:: Exercise input

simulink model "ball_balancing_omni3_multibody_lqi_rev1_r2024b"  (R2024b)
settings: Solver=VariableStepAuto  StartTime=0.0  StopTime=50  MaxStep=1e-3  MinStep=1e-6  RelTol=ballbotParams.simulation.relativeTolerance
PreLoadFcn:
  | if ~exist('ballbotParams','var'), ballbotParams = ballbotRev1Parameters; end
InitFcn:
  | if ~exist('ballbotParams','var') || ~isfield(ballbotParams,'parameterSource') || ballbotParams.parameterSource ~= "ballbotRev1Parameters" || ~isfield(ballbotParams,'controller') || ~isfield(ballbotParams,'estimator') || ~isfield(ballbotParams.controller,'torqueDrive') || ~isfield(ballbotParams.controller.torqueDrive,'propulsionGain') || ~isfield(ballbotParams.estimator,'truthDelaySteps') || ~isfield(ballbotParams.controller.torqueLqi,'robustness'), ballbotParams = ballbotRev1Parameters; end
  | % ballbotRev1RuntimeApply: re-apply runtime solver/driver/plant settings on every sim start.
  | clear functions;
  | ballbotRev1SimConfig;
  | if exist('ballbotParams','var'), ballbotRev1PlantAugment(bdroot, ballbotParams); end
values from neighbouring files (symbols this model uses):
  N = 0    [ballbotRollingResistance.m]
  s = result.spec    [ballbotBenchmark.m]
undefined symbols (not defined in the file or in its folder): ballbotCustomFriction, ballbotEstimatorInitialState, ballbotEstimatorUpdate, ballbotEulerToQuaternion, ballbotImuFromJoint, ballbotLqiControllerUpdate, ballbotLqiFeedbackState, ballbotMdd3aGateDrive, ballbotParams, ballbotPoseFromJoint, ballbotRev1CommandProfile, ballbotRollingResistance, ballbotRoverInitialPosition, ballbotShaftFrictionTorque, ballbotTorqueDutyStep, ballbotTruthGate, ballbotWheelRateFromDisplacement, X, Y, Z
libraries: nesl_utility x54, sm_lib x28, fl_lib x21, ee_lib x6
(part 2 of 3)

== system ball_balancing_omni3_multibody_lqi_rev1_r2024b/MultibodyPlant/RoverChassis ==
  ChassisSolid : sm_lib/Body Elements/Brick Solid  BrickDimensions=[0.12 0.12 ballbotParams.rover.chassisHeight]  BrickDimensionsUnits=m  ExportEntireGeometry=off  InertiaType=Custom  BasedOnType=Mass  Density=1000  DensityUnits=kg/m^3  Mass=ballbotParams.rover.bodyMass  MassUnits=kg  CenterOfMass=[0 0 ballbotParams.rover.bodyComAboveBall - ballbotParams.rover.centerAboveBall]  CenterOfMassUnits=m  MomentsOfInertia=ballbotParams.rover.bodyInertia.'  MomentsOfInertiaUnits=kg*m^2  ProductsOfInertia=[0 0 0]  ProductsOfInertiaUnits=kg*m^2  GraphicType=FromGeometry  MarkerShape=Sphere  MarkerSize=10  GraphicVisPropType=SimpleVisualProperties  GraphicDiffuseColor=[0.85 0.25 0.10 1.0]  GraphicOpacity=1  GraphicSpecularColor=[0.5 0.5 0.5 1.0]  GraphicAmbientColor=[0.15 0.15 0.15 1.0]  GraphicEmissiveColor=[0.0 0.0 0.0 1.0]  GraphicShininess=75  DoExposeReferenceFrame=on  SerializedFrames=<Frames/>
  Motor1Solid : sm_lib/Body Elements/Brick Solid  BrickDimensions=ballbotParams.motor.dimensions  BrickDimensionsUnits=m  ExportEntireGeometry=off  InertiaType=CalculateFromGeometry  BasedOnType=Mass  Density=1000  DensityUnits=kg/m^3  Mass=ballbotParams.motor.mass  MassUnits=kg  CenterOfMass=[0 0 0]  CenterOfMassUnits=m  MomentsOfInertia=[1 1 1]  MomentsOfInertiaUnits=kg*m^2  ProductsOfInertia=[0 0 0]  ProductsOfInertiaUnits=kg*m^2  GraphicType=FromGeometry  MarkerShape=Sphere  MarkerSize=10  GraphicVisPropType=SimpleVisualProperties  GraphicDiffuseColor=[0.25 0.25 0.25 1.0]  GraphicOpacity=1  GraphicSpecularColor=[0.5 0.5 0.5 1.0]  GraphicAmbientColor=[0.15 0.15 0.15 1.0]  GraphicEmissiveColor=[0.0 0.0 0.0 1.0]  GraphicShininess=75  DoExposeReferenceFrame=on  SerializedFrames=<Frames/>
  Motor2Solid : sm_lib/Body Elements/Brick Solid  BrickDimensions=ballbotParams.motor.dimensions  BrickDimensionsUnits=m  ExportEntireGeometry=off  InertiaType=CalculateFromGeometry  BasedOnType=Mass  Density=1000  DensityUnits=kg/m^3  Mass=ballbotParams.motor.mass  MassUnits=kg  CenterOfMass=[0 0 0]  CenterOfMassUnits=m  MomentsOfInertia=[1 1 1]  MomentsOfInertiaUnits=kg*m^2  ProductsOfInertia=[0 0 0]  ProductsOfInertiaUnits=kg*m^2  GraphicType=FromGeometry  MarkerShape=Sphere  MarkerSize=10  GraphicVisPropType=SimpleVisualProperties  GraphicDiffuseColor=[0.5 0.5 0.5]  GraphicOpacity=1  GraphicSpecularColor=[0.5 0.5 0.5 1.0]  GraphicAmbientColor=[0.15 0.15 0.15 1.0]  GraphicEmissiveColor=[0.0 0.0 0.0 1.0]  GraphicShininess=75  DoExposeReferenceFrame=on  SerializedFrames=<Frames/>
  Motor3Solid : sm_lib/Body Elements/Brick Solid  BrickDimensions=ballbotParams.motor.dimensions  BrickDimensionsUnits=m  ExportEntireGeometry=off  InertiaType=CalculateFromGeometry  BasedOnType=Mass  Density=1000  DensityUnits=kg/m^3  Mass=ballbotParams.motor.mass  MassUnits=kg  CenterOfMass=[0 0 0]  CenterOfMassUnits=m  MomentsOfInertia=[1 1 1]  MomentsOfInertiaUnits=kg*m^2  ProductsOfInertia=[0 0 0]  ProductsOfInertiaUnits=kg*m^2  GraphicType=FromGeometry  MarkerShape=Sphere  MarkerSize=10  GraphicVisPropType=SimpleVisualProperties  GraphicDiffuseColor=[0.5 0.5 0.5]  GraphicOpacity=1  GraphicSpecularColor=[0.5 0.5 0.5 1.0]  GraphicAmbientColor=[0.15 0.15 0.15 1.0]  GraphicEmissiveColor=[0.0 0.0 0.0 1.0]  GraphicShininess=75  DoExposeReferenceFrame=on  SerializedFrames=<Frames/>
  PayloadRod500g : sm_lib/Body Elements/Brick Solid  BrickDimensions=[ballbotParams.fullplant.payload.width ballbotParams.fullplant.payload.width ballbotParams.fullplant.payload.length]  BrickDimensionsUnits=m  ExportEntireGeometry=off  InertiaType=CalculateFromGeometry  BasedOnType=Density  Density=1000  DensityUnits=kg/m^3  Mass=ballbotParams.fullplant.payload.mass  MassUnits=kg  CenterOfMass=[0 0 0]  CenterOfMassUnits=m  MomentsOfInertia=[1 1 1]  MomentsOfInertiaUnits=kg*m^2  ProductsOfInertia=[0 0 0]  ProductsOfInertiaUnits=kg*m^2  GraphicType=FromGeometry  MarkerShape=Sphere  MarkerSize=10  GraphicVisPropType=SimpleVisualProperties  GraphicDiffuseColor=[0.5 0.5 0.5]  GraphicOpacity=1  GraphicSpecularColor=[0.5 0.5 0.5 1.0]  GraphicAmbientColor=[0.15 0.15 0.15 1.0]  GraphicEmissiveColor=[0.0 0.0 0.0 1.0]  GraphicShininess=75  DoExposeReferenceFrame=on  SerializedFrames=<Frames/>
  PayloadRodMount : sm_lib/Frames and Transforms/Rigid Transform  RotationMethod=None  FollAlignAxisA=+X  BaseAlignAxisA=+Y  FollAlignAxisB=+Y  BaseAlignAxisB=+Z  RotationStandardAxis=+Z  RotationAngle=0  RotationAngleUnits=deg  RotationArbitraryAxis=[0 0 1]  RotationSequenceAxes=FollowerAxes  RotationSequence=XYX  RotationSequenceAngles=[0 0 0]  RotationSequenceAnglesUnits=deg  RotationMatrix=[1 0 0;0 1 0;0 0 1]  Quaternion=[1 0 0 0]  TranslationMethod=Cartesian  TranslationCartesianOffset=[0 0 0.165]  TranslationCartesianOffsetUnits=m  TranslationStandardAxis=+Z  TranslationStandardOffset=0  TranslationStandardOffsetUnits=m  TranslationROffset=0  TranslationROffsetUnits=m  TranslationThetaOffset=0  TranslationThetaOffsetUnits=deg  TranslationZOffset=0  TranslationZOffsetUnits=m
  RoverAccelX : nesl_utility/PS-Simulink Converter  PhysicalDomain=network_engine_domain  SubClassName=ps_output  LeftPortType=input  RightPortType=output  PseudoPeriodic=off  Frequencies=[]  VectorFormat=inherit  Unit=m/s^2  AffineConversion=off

::::

Brief: Count every line in the records that holds "ballbotRollingResistance" and give that count by itself.

Response: 2